_Your task_
Every line of the records below from the line with "blk.add_circle((-3.03, -0.86, -16), 1.61, dxfattribs=at)" up to and including the line with "blk = doc.blocks.new('*U236')" must be reproduced exactly, and no line outside that range.

════════════════════

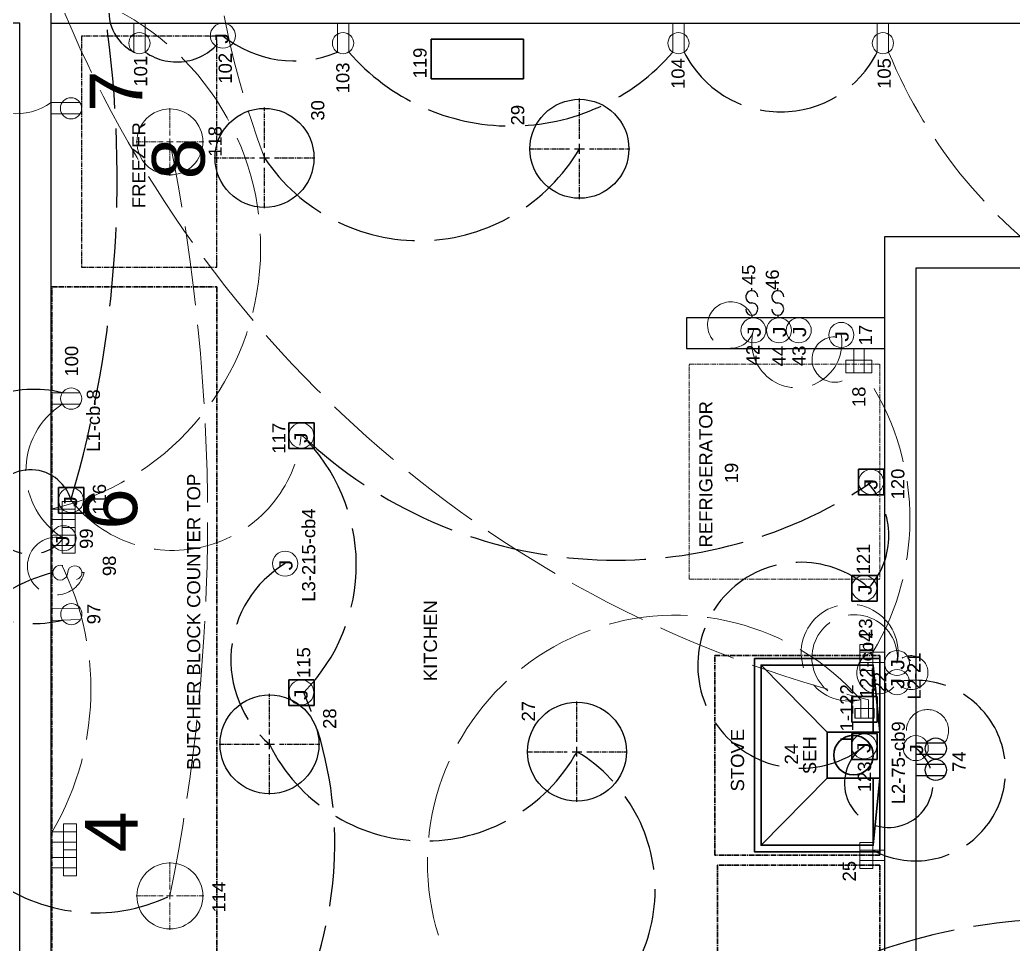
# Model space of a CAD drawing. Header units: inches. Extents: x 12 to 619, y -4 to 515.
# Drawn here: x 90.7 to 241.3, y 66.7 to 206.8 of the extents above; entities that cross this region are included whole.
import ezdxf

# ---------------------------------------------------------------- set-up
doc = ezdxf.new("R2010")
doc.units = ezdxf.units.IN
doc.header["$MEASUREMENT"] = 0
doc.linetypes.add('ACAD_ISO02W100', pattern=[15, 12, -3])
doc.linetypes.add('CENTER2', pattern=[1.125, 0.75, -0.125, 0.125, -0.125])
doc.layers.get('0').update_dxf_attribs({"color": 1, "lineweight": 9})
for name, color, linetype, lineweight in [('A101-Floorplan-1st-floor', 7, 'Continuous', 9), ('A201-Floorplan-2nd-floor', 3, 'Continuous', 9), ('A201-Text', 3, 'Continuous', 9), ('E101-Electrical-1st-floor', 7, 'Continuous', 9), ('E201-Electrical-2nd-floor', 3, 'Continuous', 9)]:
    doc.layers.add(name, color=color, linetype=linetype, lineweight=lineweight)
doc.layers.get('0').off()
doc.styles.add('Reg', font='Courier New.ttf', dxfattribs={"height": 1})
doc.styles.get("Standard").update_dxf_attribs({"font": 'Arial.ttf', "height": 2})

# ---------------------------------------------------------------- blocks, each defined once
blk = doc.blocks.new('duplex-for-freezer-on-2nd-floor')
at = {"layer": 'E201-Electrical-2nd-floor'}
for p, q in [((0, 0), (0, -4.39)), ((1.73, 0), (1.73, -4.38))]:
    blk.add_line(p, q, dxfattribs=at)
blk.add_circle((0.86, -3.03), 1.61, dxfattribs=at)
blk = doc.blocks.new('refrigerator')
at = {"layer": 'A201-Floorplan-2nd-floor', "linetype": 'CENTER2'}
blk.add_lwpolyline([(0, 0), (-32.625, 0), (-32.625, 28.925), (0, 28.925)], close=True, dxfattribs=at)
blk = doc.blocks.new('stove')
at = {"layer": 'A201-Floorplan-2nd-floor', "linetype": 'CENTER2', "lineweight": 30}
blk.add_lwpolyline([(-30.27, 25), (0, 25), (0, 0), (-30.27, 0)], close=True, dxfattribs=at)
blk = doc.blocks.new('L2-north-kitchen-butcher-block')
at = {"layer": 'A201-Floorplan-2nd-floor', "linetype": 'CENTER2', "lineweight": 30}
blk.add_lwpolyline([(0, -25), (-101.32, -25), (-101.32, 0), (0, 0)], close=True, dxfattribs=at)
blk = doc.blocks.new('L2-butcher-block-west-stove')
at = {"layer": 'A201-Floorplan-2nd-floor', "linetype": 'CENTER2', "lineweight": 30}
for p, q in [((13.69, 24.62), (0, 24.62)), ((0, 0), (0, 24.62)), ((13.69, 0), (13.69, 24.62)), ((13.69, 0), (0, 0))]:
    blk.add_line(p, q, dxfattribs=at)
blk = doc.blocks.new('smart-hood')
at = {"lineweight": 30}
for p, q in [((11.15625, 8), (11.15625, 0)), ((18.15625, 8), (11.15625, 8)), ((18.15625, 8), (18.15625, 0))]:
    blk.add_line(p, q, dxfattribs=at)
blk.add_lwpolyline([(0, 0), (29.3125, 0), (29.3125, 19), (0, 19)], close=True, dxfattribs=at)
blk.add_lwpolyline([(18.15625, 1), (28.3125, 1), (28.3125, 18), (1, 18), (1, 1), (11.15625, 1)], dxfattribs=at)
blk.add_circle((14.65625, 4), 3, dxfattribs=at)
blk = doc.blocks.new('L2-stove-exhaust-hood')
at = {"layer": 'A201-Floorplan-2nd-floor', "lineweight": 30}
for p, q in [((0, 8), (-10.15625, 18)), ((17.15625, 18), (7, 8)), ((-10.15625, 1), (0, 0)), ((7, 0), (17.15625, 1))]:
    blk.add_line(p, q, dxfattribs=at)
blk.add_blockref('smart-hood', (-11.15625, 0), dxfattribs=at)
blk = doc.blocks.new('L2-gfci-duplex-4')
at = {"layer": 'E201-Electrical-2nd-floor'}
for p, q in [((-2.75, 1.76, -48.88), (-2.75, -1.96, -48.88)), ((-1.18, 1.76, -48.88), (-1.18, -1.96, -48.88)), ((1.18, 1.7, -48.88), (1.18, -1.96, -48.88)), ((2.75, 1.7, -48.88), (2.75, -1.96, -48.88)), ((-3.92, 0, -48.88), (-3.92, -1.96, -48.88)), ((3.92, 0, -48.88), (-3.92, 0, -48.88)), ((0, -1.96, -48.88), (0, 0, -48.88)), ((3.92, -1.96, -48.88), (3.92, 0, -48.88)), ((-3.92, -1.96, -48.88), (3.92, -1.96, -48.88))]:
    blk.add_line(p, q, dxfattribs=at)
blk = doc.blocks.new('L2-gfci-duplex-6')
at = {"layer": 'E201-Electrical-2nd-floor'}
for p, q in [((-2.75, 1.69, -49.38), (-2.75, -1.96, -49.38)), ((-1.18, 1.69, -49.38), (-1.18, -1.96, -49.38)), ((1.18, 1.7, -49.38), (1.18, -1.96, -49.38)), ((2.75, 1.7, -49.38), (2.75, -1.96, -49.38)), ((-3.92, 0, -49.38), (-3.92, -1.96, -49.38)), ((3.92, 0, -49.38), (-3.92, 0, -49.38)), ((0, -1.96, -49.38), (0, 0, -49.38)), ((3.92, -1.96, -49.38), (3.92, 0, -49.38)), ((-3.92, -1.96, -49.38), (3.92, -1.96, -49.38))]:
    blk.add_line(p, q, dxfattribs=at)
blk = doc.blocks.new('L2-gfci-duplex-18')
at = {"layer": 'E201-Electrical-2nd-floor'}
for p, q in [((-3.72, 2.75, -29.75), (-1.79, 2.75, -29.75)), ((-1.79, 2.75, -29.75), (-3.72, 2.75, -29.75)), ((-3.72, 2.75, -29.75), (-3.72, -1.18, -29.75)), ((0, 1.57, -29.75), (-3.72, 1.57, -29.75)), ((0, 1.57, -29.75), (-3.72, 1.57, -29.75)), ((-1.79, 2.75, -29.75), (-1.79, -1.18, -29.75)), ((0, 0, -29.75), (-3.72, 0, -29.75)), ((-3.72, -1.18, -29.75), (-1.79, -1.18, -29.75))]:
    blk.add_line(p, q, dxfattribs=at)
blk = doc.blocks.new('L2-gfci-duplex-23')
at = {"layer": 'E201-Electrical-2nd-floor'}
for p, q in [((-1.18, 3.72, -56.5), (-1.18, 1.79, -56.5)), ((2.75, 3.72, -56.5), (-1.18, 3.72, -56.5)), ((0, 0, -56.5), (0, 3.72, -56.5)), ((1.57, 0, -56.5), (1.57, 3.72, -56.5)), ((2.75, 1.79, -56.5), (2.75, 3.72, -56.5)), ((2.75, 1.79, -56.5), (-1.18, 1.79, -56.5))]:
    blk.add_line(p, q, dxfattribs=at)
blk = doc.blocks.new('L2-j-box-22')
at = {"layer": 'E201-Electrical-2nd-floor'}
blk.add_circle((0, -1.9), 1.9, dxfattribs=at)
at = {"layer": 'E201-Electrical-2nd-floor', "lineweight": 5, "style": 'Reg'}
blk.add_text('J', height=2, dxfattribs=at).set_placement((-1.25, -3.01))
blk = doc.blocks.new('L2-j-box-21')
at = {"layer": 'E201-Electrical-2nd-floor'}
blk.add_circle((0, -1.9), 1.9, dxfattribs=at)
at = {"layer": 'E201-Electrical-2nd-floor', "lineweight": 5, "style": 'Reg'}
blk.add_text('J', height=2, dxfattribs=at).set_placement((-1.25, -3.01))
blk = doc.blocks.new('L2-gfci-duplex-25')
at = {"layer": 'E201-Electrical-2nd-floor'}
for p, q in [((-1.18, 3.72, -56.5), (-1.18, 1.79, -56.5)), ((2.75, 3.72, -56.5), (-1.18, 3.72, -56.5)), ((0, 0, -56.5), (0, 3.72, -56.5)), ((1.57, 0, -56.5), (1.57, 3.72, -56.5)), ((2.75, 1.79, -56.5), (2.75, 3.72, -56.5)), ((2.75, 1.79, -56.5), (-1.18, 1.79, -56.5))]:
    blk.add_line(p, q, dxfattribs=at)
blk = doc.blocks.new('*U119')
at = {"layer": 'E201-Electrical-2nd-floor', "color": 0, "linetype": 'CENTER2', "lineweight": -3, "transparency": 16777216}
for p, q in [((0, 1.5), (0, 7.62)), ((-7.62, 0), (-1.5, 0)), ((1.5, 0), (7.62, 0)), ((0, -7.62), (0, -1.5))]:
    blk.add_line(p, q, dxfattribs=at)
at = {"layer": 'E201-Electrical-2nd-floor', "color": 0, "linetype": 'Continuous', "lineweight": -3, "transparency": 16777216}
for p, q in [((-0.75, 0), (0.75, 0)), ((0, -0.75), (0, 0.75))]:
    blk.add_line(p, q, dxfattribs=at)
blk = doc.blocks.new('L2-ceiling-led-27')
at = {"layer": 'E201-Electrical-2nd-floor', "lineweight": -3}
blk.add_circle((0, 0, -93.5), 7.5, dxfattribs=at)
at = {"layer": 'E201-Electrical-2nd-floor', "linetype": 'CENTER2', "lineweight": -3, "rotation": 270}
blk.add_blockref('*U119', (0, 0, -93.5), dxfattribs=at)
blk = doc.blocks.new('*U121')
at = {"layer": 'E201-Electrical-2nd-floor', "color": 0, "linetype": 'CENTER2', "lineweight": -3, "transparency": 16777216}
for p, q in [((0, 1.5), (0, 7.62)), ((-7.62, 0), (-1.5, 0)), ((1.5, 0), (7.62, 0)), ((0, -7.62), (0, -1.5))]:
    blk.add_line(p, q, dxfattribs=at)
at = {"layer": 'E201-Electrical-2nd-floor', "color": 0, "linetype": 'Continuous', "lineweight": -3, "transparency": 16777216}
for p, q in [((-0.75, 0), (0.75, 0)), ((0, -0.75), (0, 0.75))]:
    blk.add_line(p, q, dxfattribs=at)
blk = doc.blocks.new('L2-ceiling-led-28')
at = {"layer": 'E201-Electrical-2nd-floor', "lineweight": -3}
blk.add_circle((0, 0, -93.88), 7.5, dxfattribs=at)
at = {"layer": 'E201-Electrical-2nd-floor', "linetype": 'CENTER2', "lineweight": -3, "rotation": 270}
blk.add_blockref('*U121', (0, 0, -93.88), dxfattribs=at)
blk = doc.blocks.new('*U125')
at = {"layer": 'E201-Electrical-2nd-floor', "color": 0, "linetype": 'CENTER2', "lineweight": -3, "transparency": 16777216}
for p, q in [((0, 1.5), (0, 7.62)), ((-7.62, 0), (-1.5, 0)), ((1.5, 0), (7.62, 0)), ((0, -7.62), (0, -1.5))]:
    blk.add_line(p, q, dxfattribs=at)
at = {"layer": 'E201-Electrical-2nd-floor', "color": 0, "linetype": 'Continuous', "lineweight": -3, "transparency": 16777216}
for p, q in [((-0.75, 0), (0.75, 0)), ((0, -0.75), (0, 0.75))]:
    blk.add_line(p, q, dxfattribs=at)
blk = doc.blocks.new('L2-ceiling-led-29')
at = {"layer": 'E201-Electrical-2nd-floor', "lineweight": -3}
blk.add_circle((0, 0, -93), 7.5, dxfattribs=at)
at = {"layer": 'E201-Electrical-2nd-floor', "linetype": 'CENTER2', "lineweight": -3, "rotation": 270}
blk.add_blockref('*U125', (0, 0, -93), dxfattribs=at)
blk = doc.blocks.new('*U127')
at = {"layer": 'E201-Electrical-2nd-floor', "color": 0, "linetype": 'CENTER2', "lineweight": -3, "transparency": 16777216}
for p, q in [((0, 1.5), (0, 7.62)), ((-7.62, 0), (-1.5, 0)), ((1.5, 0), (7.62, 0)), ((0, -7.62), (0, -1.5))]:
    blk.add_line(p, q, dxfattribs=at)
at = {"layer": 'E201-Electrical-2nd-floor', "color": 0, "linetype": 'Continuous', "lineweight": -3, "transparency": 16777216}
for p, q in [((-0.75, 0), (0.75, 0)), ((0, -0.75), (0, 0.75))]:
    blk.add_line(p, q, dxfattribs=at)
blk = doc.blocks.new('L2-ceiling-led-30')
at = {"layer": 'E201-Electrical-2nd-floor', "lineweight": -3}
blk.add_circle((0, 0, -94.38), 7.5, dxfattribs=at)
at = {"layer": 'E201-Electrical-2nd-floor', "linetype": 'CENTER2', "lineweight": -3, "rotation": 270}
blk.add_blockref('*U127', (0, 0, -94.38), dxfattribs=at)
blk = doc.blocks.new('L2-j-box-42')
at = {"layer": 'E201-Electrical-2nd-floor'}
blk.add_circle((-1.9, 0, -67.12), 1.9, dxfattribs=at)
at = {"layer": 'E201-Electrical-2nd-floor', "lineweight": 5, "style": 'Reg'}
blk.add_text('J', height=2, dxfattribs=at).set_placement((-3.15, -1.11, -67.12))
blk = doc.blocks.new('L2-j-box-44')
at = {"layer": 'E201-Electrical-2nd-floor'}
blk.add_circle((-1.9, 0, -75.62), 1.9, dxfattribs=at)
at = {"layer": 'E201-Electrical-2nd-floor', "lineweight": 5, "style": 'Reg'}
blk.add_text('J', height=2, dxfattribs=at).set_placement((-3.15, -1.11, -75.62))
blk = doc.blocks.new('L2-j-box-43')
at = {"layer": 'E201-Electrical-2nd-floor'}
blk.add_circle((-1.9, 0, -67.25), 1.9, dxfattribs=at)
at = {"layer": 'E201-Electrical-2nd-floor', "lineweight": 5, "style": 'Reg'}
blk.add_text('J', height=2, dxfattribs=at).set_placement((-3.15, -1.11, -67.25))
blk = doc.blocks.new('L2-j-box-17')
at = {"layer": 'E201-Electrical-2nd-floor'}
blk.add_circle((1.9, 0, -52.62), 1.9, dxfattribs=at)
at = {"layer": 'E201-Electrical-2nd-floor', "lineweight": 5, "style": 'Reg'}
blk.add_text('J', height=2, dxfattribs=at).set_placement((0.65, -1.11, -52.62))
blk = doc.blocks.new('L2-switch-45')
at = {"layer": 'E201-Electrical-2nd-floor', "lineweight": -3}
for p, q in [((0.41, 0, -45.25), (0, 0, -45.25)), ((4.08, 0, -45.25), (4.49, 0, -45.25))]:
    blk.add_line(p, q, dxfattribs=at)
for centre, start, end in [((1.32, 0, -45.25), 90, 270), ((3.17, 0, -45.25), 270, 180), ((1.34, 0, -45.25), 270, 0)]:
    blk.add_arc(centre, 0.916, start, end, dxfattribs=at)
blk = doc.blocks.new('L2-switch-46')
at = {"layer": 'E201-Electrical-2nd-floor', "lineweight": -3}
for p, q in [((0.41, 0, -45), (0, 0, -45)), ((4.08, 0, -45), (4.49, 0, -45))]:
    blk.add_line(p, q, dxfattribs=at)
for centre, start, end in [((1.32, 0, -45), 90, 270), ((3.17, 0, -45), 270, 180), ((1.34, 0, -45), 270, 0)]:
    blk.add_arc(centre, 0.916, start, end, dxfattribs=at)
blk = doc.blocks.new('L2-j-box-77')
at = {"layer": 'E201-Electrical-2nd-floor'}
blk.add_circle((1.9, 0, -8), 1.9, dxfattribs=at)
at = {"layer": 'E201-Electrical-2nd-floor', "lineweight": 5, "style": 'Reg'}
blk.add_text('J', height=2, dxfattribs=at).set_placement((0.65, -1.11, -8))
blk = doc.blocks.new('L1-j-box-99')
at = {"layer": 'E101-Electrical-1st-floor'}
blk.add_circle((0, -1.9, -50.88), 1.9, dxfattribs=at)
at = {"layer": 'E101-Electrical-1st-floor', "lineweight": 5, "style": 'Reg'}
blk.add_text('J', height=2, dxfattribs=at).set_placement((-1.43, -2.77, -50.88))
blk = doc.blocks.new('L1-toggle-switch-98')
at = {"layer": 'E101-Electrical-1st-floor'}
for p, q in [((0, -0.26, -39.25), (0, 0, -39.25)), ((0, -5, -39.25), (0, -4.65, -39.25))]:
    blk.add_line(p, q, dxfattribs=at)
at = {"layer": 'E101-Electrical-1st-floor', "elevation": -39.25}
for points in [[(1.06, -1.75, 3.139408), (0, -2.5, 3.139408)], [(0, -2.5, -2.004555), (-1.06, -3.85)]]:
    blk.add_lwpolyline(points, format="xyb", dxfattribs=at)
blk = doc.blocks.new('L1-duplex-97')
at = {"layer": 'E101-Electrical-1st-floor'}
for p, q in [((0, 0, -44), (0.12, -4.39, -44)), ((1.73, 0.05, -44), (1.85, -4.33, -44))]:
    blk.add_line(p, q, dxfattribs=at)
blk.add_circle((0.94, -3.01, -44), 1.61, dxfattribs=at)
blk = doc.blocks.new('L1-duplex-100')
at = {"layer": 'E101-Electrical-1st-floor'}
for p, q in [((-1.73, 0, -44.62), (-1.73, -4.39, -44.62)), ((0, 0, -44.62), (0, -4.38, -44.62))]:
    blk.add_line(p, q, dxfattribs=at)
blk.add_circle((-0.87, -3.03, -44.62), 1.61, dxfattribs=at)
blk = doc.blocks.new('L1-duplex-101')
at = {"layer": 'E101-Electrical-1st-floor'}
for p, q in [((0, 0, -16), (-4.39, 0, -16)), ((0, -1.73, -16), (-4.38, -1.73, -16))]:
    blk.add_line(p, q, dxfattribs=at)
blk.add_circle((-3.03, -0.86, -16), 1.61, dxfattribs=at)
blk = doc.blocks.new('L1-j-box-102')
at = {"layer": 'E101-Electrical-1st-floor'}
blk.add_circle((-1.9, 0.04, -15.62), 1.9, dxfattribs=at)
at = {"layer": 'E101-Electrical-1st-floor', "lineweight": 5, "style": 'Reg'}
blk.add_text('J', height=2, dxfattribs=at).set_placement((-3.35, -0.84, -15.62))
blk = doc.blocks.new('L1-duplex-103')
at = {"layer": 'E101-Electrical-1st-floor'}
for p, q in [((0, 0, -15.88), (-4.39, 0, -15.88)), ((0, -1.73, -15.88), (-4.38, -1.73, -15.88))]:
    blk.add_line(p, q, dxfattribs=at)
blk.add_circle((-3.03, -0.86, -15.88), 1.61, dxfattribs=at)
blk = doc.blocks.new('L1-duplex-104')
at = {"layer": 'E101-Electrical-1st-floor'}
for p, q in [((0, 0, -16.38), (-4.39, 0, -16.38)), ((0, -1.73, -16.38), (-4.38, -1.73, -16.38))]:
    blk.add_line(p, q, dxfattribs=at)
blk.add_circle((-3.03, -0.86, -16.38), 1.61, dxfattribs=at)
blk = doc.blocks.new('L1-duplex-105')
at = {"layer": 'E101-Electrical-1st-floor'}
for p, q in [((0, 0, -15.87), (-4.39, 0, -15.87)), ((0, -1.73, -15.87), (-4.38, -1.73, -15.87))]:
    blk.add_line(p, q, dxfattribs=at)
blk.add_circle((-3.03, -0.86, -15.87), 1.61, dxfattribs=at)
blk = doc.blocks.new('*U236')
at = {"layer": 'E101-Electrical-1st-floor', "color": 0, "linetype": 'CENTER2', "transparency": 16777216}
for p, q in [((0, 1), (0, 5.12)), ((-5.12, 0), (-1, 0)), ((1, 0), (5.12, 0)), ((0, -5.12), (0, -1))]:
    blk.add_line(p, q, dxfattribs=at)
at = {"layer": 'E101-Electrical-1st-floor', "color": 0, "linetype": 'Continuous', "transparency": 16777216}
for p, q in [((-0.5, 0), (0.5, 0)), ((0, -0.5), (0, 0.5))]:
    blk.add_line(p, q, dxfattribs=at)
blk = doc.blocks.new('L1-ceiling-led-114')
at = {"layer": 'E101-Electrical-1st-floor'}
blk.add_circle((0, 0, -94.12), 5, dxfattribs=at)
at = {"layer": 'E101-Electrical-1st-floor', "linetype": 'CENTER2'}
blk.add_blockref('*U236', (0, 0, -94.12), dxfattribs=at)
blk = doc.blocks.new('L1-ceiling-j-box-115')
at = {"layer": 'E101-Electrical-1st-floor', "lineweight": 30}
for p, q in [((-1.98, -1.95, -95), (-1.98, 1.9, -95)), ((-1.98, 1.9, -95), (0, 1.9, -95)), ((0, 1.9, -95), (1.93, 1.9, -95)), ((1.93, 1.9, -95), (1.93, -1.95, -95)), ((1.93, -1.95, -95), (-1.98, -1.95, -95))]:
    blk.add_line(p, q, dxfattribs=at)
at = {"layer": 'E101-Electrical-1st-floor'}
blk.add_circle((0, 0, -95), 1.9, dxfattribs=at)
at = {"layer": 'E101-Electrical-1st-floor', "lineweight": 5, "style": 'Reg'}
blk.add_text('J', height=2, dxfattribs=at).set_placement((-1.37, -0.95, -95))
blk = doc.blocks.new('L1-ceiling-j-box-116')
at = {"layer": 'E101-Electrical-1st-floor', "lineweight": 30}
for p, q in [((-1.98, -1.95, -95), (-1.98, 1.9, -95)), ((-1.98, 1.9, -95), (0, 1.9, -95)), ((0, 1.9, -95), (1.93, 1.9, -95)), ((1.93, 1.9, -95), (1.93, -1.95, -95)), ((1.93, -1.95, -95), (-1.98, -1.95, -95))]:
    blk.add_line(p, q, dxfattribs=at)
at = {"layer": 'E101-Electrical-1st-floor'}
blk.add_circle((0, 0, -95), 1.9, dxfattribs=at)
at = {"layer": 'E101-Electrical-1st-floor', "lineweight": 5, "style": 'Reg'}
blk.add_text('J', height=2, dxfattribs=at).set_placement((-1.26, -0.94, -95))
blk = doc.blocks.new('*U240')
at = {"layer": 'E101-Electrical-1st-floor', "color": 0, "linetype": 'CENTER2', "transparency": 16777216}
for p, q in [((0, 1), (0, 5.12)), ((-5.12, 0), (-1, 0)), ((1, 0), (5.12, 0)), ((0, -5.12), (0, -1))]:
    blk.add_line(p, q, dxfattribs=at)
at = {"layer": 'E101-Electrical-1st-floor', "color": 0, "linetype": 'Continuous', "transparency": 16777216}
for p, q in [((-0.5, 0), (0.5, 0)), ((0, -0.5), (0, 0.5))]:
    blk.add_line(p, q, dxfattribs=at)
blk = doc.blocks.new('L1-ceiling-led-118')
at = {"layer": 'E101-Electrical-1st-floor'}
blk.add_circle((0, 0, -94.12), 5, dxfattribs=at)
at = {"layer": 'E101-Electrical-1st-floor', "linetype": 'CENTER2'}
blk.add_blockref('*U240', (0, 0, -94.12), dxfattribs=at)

════════════════════

_Written answer_
blk.add_circle((-3.03, -0.86, -16), 1.61, dxfattribs=at)
blk = doc.blocks.new('L1-j-box-102')
at = {"layer": 'E101-Electrical-1st-floor'}
blk.add_circle((-1.9, 0.04, -15.62), 1.9, dxfattribs=at)
at = {"layer": 'E101-Electrical-1st-floor', "lineweight": 5, "style": 'Reg'}
blk.add_text('J', height=2, dxfattribs=at).set_placement((-3.35, -0.84, -15.62))
blk = doc.blocks.new('L1-duplex-103')
at = {"layer": 'E101-Electrical-1st-floor'}
for p, q in [((0, 0, -15.88), (-4.39, 0, -15.88)), ((0, -1.73, -15.88), (-4.38, -1.73, -15.88))]:
    blk.add_line(p, q, dxfattribs=at)
blk.add_circle((-3.03, -0.86, -15.88), 1.61, dxfattribs=at)
blk = doc.blocks.new('L1-duplex-104')
at = {"layer": 'E101-Electrical-1st-floor'}
for p, q in [((0, 0, -16.38), (-4.39, 0, -16.38)), ((0, -1.73, -16.38), (-4.38, -1.73, -16.38))]:
    blk.add_line(p, q, dxfattribs=at)
blk.add_circle((-3.03, -0.86, -16.38), 1.61, dxfattribs=at)
blk = doc.blocks.new('L1-duplex-105')
at = {"layer": 'E101-Electrical-1st-floor'}
for p, q in [((0, 0, -15.87), (-4.39, 0, -15.87)), ((0, -1.73, -15.87), (-4.38, -1.73, -15.87))]:
    blk.add_line(p, q, dxfattribs=at)
blk.add_circle((-3.03, -0.86, -15.87), 1.61, dxfattribs=at)
blk = doc.blocks.new('*U236')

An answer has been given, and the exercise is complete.